**Task objective:**
Exact repetition, pictures omitted: give every record below again.

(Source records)
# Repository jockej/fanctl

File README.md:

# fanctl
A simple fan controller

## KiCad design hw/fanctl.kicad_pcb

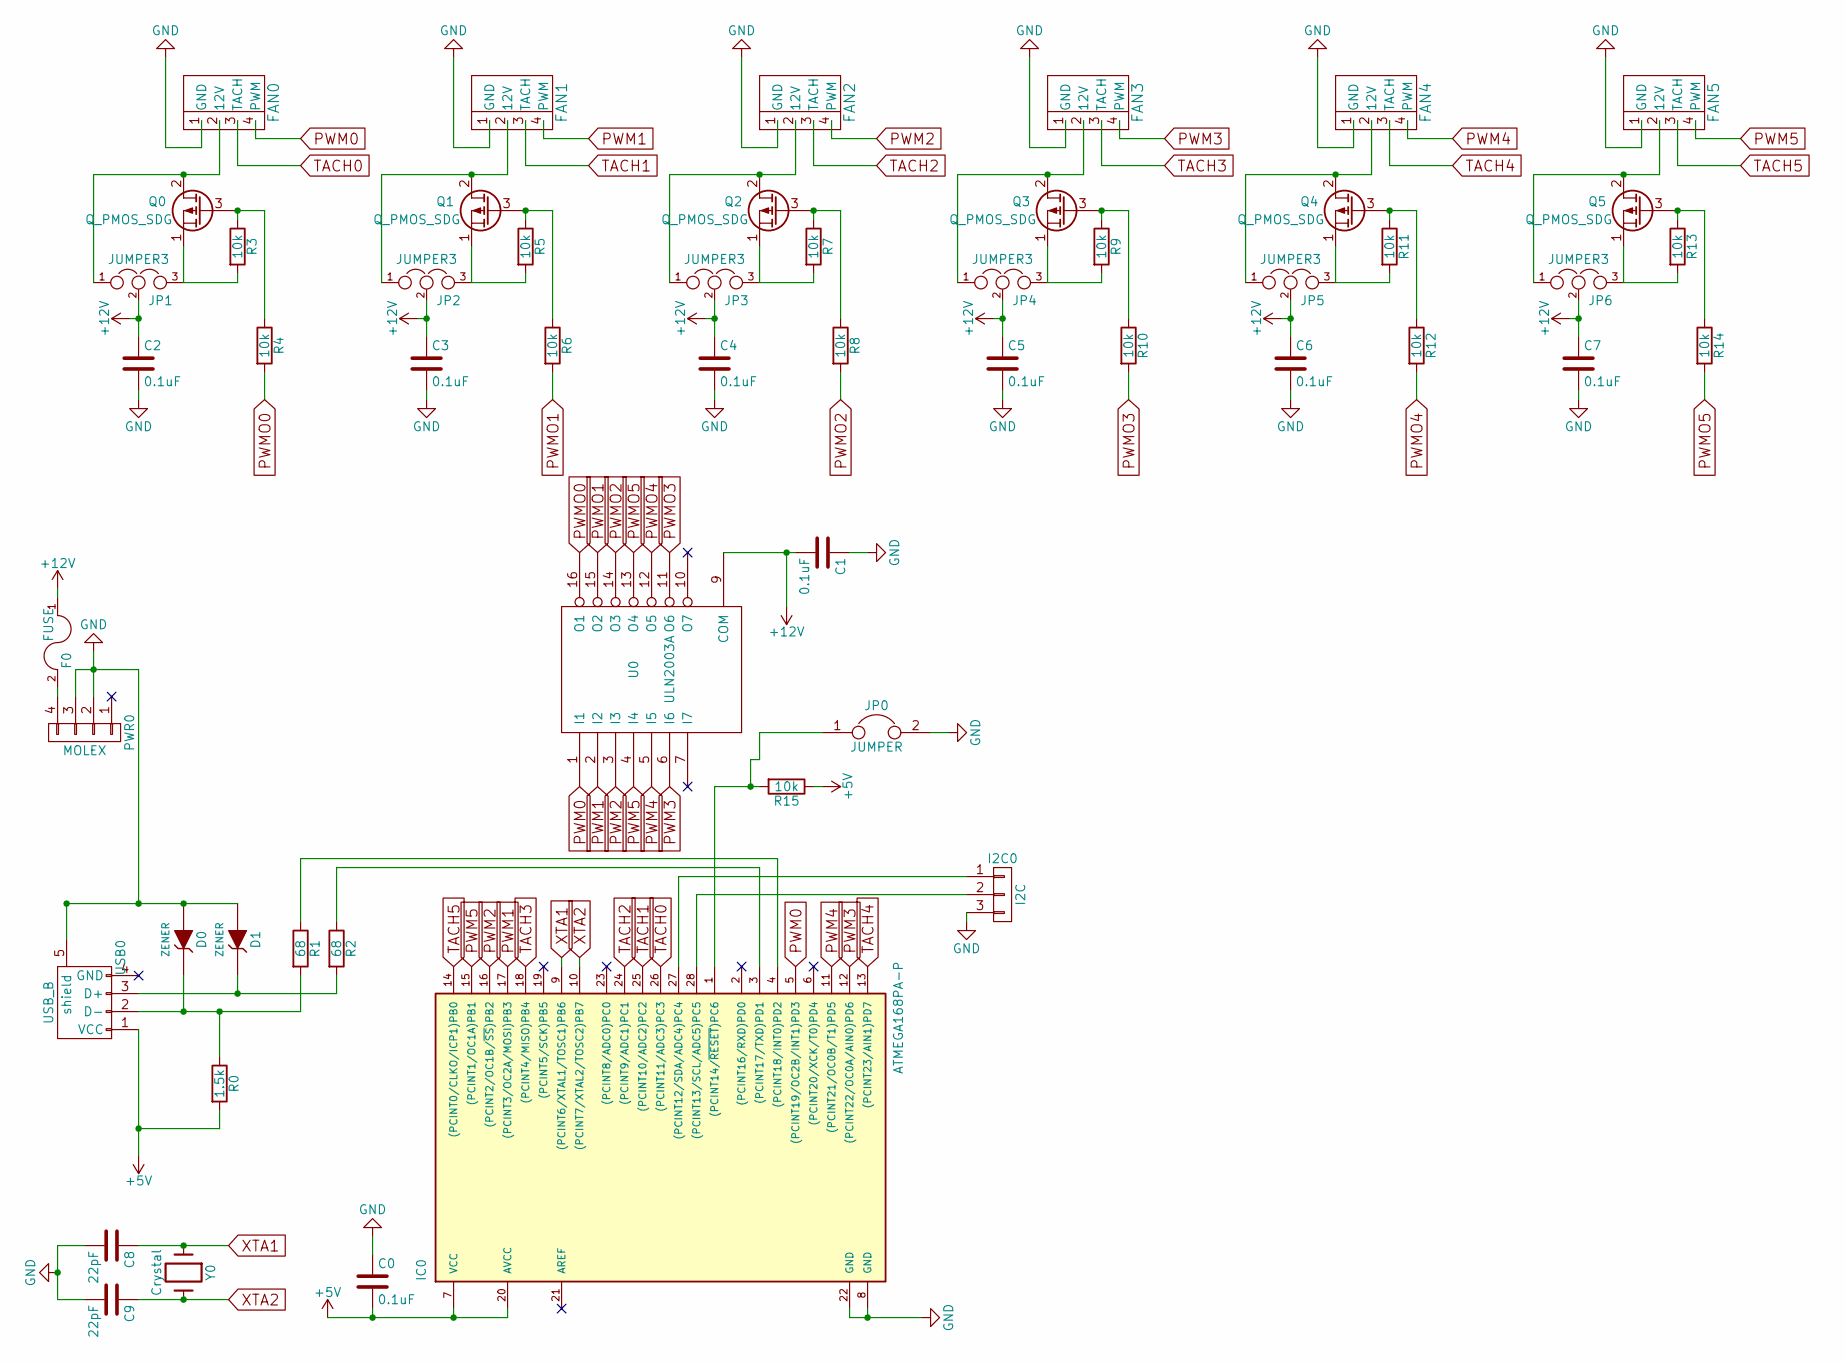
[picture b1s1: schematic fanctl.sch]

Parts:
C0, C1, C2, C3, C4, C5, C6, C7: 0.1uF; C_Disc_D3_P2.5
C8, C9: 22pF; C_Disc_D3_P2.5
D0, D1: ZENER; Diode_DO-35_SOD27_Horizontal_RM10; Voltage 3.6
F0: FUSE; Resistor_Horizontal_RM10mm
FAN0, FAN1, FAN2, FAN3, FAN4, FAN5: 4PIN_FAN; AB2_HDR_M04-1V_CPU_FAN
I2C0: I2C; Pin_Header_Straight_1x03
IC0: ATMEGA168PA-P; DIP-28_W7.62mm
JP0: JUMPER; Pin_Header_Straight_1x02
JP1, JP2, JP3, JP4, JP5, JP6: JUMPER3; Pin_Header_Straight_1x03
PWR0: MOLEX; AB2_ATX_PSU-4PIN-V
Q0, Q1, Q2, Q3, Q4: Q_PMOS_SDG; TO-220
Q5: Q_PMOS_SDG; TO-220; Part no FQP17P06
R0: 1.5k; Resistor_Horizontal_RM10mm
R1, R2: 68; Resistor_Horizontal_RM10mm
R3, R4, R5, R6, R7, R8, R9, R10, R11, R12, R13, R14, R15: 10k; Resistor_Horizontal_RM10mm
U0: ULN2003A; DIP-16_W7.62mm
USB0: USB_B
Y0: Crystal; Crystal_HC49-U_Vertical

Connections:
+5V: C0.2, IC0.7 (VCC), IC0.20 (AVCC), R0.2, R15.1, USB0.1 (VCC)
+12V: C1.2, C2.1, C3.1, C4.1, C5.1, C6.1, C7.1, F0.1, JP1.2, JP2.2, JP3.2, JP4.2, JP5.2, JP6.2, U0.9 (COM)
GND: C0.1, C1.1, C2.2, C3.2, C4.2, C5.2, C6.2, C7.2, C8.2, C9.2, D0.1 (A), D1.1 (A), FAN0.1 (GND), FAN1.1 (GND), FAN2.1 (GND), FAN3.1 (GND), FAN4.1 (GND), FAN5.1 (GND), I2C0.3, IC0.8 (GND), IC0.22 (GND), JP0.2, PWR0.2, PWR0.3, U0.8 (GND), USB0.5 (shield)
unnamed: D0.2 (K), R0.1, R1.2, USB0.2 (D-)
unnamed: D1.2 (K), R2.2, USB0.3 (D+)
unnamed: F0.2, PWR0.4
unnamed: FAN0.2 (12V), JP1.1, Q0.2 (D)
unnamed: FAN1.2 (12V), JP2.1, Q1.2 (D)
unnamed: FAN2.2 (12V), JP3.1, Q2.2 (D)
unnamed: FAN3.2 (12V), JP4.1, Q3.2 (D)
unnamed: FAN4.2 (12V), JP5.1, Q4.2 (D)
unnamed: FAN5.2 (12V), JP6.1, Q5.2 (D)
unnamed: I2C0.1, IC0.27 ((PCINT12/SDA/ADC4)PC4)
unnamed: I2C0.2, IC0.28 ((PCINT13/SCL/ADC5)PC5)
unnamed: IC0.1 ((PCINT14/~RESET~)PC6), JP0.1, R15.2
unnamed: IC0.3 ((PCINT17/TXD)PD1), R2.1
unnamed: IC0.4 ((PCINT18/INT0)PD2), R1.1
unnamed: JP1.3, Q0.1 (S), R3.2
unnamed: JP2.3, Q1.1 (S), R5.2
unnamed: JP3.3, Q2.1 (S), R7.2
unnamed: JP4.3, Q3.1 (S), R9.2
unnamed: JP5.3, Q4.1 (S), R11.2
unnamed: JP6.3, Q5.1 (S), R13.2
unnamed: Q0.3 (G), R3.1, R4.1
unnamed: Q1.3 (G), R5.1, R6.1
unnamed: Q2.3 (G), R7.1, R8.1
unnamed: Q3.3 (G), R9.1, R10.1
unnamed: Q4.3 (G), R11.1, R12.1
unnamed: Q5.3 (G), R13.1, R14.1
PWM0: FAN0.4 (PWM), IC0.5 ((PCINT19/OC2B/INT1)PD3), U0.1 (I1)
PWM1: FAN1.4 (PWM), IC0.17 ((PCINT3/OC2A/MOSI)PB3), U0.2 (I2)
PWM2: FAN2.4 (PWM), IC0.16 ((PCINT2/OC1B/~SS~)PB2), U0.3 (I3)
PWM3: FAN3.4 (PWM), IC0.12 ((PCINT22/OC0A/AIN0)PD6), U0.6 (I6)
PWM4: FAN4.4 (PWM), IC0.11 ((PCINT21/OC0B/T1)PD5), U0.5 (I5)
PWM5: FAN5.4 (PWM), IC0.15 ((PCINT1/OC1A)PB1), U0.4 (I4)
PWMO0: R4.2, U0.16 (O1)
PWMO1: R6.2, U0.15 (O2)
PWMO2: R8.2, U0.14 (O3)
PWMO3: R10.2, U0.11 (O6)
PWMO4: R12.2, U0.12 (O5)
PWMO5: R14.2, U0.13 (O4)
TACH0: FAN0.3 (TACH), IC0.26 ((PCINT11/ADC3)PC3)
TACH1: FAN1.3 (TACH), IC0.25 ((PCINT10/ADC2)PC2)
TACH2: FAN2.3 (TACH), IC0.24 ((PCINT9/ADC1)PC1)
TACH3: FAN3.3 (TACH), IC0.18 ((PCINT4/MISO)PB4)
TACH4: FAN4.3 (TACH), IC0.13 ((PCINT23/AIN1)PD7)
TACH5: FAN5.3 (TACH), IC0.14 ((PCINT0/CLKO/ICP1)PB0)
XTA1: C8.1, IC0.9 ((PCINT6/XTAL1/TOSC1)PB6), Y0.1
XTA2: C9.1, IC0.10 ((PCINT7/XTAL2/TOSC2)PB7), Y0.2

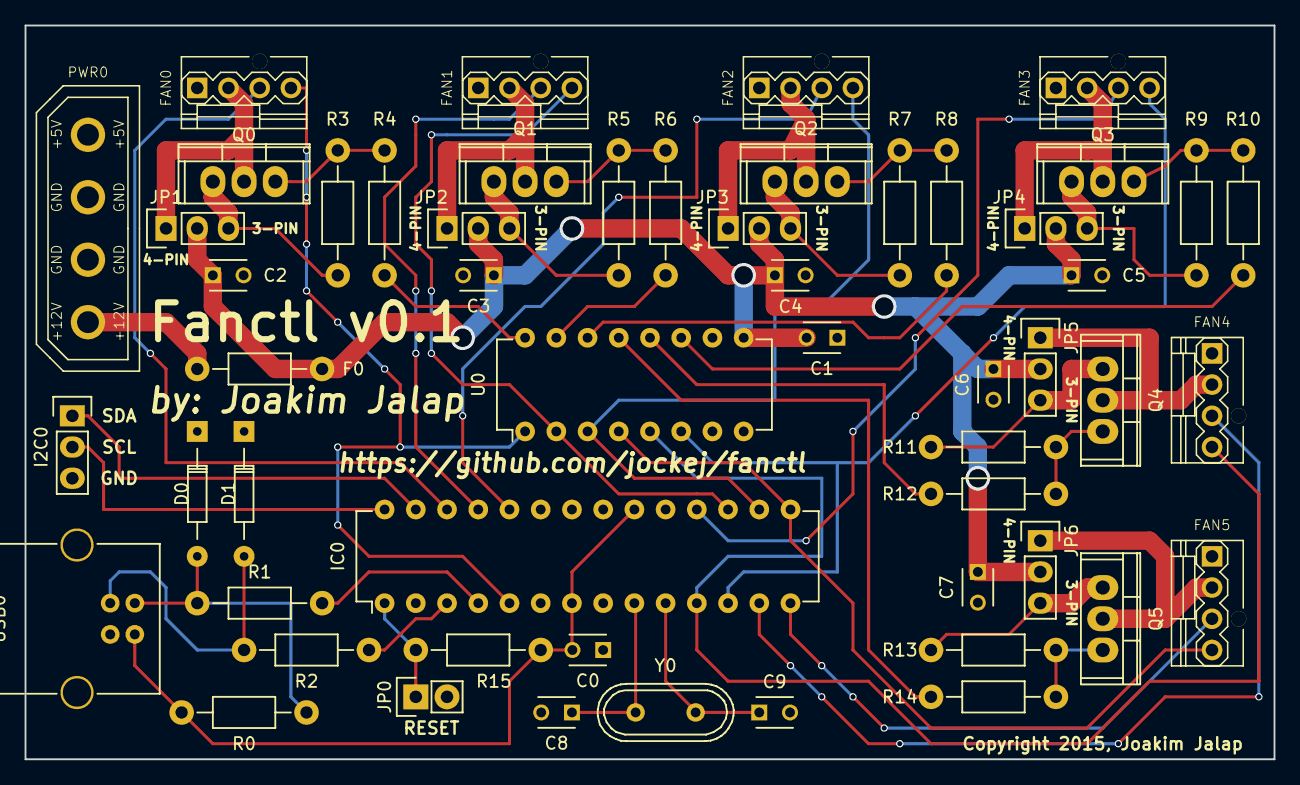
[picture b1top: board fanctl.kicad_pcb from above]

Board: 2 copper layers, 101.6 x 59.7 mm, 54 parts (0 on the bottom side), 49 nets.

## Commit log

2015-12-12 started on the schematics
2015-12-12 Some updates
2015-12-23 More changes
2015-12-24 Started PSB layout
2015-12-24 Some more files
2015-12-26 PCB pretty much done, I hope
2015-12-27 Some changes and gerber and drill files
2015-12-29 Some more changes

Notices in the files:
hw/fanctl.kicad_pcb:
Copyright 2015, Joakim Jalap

**Solution:**
# Repository jockej/fanctl

File README.md:

# fanctl
A simple fan controller

## KiCad design hw/fanctl.kicad_pcb

[picture b1s1: schematic fanctl.sch]

Parts:
C0, C1, C2, C3, C4, C5, C6, C7: 0.1uF; C_Disc_D3_P2.5
C8, C9: 22pF; C_Disc_D3_P2.5
D0, D1: ZENER; Diode_DO-35_SOD27_Horizontal_RM10; Voltage 3.6
F0: FUSE; Resistor_Horizontal_RM10mm
FAN0, FAN1, FAN2, FAN3, FAN4, FAN5: 4PIN_FAN; AB2_HDR_M04-1V_CPU_FAN
I2C0: I2C; Pin_Header_Straight_1x03
IC0: ATMEGA168PA-P; DIP-28_W7.62mm
JP0: JUMPER; Pin_Header_Straight_1x02
JP1, JP2, JP3, JP4, JP5, JP6: JUMPER3; Pin_Header_Straight_1x03
PWR0: MOLEX; AB2_ATX_PSU-4PIN-V
Q0, Q1, Q2, Q3, Q4: Q_PMOS_SDG; TO-220
Q5: Q_PMOS_SDG; TO-220; Part no FQP17P06
R0: 1.5k; Resistor_Horizontal_RM10mm
R1, R2: 68; Resistor_Horizontal_RM10mm
R3, R4, R5, R6, R7, R8, R9, R10, R11, R12, R13, R14, R15: 10k; Resistor_Horizontal_RM10mm
U0: ULN2003A; DIP-16_W7.62mm
USB0: USB_B
Y0: Crystal; Crystal_HC49-U_Vertical

Connections:
+5V: C0.2, IC0.7 (VCC), IC0.20 (AVCC), R0.2, R15.1, USB0.1 (VCC)
+12V: C1.2, C2.1, C3.1, C4.1, C5.1, C6.1, C7.1, F0.1, JP1.2, JP2.2, JP3.2, JP4.2, JP5.2, JP6.2, U0.9 (COM)
GND: C0.1, C1.1, C2.2, C3.2, C4.2, C5.2, C6.2, C7.2, C8.2, C9.2, D0.1 (A), D1.1 (A), FAN0.1 (GND), FAN1.1 (GND), FAN2.1 (GND), FAN3.1 (GND), FAN4.1 (GND), FAN5.1 (GND), I2C0.3, IC0.8 (GND), IC0.22 (GND), JP0.2, PWR0.2, PWR0.3, U0.8 (GND), USB0.5 (shield)
unnamed: D0.2 (K), R0.1, R1.2, USB0.2 (D-)
unnamed: D1.2 (K), R2.2, USB0.3 (D+)
unnamed: F0.2, PWR0.4
unnamed: FAN0.2 (12V), JP1.1, Q0.2 (D)
unnamed: FAN1.2 (12V), JP2.1, Q1.2 (D)
unnamed: FAN2.2 (12V), JP3.1, Q2.2 (D)
unnamed: FAN3.2 (12V), JP4.1, Q3.2 (D)
unnamed: FAN4.2 (12V), JP5.1, Q4.2 (D)
unnamed: FAN5.2 (12V), JP6.1, Q5.2 (D)
unnamed: I2C0.1, IC0.27 ((PCINT12/SDA/ADC4)PC4)
unnamed: I2C0.2, IC0.28 ((PCINT13/SCL/ADC5)PC5)
unnamed: IC0.1 ((PCINT14/~RESET~)PC6), JP0.1, R15.2
unnamed: IC0.3 ((PCINT17/TXD)PD1), R2.1
unnamed: IC0.4 ((PCINT18/INT0)PD2), R1.1
unnamed: JP1.3, Q0.1 (S), R3.2
unnamed: JP2.3, Q1.1 (S), R5.2
unnamed: JP3.3, Q2.1 (S), R7.2
unnamed: JP4.3, Q3.1 (S), R9.2
unnamed: JP5.3, Q4.1 (S), R11.2
unnamed: JP6.3, Q5.1 (S), R13.2
unnamed: Q0.3 (G), R3.1, R4.1
unnamed: Q1.3 (G), R5.1, R6.1
unnamed: Q2.3 (G), R7.1, R8.1
unnamed: Q3.3 (G), R9.1, R10.1
unnamed: Q4.3 (G), R11.1, R12.1
unnamed: Q5.3 (G), R13.1, R14.1
PWM0: FAN0.4 (PWM), IC0.5 ((PCINT19/OC2B/INT1)PD3), U0.1 (I1)
PWM1: FAN1.4 (PWM), IC0.17 ((PCINT3/OC2A/MOSI)PB3), U0.2 (I2)
PWM2: FAN2.4 (PWM), IC0.16 ((PCINT2/OC1B/~SS~)PB2), U0.3 (I3)
PWM3: FAN3.4 (PWM), IC0.12 ((PCINT22/OC0A/AIN0)PD6), U0.6 (I6)
PWM4: FAN4.4 (PWM), IC0.11 ((PCINT21/OC0B/T1)PD5), U0.5 (I5)
PWM5: FAN5.4 (PWM), IC0.15 ((PCINT1/OC1A)PB1), U0.4 (I4)
PWMO0: R4.2, U0.16 (O1)
PWMO1: R6.2, U0.15 (O2)
PWMO2: R8.2, U0.14 (O3)
PWMO3: R10.2, U0.11 (O6)
PWMO4: R12.2, U0.12 (O5)
PWMO5: R14.2, U0.13 (O4)
TACH0: FAN0.3 (TACH), IC0.26 ((PCINT11/ADC3)PC3)
TACH1: FAN1.3 (TACH), IC0.25 ((PCINT10/ADC2)PC2)
TACH2: FAN2.3 (TACH), IC0.24 ((PCINT9/ADC1)PC1)
TACH3: FAN3.3 (TACH), IC0.18 ((PCINT4/MISO)PB4)
TACH4: FAN4.3 (TACH), IC0.13 ((PCINT23/AIN1)PD7)
TACH5: FAN5.3 (TACH), IC0.14 ((PCINT0/CLKO/ICP1)PB0)
XTA1: C8.1, IC0.9 ((PCINT6/XTAL1/TOSC1)PB6), Y0.1
XTA2: C9.1, IC0.10 ((PCINT7/XTAL2/TOSC2)PB7), Y0.2

[picture b1top: board fanctl.kicad_pcb from above]

Board: 2 copper layers, 101.6 x 59.7 mm, 54 parts (0 on the bottom side), 49 nets.

## Commit log

2015-12-12 started on the schematics
2015-12-12 Some updates
2015-12-23 More changes
2015-12-24 Started PSB layout
2015-12-24 Some more files
2015-12-26 PCB pretty much done, I hope
2015-12-27 Some changes and gerber and drill files
2015-12-29 Some more changes

Notices in the files:
hw/fanctl.kicad_pcb:
Copyright 2015, Joakim Jalap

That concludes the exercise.